Figure 4ROC curve analysis results of the three models. (A) ROC curve of Radiological model in training set (average AUC = 0.889). (B) ROC curve of Radiological mode in validation set (average AUC = 0.758). (C) ROC curve of Radiomics mode in training set (average AUC = 0.919). (D) ROC curve of the Radiomics model in the validation set (average AUC = 0.884). (E) ROC curve of the R-R model in the training set (average AUC = 0.932). (F) ROC curve of the R-R model in the validation set (average AUC = 0.88).
Predictive performance of Radiological, Radiomics and R-R model.
| AUC | Sensitivity | Specificity | Accuracy | |
|---|---|---|---|---|
| Development | ||||
| Radiological model | 0.867 | 77.8% | 76.1% | 76.5% |
| Radiomics model | 0.911 | 85.3% | 83.1% | 83.6% |
| R-R model | 0.923 | 87.0% | 83.4% | 84.2% |
| Validation | ||||
| Radiological model | 0.852 | 73.8% | 75.1% | 74.9% |
| Radiomics model | 0.908 | 85.1% | 82.2% | 82.8% |
| R-R model | 0.920 | 87.5% | 83.3% | 84.2% |
Delong test results of Radiological model, Radiomics model and R-R model.
| Z | SE | 95%CI | p | |
|---|---|---|---|---|
| Development | ||||
| R-R model VS Radiological model | 6.029 | 0.00891 | 0.0362 - 0.0711 | P < 0.0001 |
| R-R model VS Radiomics model | 4.509 | 0.00252 | 0.00641 - 0.0163 | P < 0.0001 |
| Radiomics model VS Radiological model | 4.075 | 0.0104 | 0.0220 - 0.0627 | P < 0.0001 |
| Validation | ||||
| R-R model VS Radiological model | 3.415 | 0.0194 | 0.0283 - 0.104 | P = 0.0006 |
| R-R model VS Radiomics model | 2.162 | 0.0054 | 0.00109 - 0.0223 | P = 0.0307 |
| Radiomics model VS Radiological model | 2.416 | 0.0226 | 0.0103 - 0.0991 | P = 0.0157 |
Figure 5Nomograms of the R-R model. (A-E) Fold 1-5 nomograms for the R-R model in the training set. To evaluate the probability of HGP, on each feature axis, a line perpendicular to the point axis was drawn to generate a corresponding point for each feature; the sum of all the points of all features was obtained and then marked on the total score axis, generating a line perpendicular to the risk axis.

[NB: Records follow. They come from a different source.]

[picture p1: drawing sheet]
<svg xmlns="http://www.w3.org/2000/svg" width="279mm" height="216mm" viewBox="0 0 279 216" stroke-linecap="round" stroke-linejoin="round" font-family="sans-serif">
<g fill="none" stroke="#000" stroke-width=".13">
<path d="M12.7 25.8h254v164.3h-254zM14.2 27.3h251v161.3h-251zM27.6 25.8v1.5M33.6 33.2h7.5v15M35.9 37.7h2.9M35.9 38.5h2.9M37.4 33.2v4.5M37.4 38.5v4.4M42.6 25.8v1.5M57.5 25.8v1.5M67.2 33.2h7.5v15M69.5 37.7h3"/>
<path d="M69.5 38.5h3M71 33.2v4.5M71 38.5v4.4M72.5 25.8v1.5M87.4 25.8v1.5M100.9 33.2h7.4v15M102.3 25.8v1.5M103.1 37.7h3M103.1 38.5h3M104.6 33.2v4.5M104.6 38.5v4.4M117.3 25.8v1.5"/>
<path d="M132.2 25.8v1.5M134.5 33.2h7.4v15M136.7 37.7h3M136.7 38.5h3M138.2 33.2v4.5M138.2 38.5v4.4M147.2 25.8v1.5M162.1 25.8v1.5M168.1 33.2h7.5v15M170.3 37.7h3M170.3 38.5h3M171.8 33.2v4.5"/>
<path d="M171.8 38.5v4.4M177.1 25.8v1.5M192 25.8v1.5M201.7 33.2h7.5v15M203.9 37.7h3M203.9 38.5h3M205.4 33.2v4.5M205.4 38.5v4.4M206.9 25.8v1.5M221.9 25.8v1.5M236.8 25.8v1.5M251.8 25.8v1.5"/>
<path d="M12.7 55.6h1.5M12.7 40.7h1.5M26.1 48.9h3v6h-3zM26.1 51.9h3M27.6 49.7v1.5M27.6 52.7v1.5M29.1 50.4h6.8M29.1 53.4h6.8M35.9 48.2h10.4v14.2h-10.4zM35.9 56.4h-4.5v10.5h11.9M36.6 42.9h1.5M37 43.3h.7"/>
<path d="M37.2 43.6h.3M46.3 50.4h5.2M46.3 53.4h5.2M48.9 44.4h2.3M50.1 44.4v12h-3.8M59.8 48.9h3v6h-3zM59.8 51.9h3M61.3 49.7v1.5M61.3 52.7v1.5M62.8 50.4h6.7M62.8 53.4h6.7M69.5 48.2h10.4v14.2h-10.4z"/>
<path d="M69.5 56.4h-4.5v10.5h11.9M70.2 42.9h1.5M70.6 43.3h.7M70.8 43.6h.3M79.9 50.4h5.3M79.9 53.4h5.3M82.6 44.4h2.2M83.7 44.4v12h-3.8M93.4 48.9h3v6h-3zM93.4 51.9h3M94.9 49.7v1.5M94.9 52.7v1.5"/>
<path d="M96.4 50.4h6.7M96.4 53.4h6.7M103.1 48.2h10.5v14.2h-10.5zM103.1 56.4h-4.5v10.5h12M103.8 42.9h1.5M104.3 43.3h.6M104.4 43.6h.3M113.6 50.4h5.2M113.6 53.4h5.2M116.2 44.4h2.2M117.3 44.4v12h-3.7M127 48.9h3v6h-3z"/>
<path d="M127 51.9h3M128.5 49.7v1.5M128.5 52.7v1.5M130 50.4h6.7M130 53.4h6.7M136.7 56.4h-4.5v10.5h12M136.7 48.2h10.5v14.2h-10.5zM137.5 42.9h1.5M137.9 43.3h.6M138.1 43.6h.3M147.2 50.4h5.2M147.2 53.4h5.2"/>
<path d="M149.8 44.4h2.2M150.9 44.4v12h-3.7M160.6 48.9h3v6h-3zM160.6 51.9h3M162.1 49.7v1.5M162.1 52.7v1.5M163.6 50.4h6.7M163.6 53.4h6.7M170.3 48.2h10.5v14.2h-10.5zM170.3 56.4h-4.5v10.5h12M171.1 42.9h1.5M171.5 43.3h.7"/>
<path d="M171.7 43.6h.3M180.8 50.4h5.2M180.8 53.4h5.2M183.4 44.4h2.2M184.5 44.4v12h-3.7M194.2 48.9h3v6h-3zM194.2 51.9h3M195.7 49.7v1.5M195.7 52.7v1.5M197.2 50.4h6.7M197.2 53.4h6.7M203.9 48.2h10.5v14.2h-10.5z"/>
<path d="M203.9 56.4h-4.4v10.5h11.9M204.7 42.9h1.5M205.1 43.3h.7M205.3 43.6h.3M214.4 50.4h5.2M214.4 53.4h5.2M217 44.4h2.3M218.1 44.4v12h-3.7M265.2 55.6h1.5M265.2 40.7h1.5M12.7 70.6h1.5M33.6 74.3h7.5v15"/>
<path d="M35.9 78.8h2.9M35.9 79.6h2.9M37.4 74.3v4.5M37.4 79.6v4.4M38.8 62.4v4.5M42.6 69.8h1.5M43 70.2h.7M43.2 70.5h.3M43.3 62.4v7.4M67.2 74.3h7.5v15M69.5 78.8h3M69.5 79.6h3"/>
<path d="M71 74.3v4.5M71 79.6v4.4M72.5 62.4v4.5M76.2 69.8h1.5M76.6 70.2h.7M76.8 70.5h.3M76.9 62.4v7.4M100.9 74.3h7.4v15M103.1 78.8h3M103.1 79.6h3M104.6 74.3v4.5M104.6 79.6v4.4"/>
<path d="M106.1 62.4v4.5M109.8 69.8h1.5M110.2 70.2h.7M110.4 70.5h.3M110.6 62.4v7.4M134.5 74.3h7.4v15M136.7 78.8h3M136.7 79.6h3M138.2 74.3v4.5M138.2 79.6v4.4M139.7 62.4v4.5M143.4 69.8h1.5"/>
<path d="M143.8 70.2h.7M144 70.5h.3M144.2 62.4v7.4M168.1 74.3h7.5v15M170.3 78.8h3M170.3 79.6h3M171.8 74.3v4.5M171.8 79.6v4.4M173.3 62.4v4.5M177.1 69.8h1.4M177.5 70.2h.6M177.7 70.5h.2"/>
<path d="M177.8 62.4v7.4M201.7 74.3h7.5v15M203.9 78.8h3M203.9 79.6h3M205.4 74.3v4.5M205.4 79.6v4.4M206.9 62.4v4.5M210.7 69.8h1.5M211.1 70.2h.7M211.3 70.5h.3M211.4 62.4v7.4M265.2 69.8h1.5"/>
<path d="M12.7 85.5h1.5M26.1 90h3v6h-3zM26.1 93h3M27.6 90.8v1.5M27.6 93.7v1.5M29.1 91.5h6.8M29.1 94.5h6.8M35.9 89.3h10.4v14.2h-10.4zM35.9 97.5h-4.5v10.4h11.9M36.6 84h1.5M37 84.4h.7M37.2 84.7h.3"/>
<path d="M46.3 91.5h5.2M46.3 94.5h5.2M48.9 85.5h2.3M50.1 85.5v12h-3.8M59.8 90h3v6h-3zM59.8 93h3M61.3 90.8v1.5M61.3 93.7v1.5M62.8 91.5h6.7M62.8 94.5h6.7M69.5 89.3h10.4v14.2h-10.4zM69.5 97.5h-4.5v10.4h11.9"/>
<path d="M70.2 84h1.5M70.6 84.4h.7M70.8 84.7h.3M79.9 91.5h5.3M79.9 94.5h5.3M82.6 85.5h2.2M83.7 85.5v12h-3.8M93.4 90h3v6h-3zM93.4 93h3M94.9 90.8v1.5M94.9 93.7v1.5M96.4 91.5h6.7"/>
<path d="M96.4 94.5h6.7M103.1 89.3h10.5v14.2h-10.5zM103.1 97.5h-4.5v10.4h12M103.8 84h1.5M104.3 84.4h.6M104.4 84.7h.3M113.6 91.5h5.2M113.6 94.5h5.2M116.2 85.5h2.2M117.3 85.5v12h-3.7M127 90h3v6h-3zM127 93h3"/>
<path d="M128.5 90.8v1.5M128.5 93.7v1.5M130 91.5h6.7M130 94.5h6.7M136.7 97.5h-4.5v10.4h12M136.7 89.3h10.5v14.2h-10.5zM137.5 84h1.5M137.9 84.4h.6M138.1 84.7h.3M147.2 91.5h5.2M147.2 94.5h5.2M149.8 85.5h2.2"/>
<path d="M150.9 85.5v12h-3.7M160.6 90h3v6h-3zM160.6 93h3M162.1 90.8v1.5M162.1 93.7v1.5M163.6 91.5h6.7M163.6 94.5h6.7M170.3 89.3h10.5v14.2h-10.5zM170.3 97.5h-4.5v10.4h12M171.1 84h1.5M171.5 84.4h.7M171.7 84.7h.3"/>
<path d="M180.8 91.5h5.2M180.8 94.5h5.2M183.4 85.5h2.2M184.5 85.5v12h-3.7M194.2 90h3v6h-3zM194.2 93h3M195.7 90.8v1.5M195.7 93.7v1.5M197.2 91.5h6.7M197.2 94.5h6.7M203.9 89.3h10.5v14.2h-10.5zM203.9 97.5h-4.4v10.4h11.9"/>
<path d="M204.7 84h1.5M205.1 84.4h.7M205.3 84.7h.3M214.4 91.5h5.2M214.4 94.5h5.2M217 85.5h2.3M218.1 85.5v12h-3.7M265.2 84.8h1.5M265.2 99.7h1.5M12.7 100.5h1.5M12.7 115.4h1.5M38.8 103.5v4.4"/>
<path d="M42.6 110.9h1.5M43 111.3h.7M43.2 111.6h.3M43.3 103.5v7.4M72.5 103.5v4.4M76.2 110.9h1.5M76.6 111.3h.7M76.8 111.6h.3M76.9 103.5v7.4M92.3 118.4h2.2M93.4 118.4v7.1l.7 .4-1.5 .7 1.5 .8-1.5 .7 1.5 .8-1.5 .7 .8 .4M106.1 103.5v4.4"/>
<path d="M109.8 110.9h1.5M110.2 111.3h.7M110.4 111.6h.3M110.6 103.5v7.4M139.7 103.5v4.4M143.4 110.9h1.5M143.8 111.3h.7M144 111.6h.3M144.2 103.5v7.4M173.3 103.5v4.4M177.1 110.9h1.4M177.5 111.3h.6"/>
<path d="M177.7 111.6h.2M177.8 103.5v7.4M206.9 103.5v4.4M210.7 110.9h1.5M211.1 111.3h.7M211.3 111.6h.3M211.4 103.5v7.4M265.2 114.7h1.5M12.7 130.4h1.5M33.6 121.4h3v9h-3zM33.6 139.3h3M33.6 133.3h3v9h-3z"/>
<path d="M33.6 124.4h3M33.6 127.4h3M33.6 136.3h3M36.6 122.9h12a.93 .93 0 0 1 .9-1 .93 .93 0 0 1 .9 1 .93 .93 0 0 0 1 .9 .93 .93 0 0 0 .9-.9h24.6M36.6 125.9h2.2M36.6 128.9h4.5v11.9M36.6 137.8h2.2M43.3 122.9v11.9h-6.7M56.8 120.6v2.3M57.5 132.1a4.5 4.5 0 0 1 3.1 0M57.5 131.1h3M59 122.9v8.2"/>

Figure 6Calibration and decision curves of the R-R model. (A) The calibration curve of the R-R model in the training set. (B) The calibration curve of the R-R model in the validation set. The fitness of the predicted probabilities of the R-R model to the actual results of the HGP was assessed. The x-axis represents the probability of HGP calculated using the R-R model, while the y-axis represents the actual probability of HGP. The diagonal line represents ideal estimates of the ideal model. (C) The decision curve of the R-R model in the training set. (D) The decision curve of the R-R model in the validation set. The x-axis represents the threshold probability and the y-axis represents net income.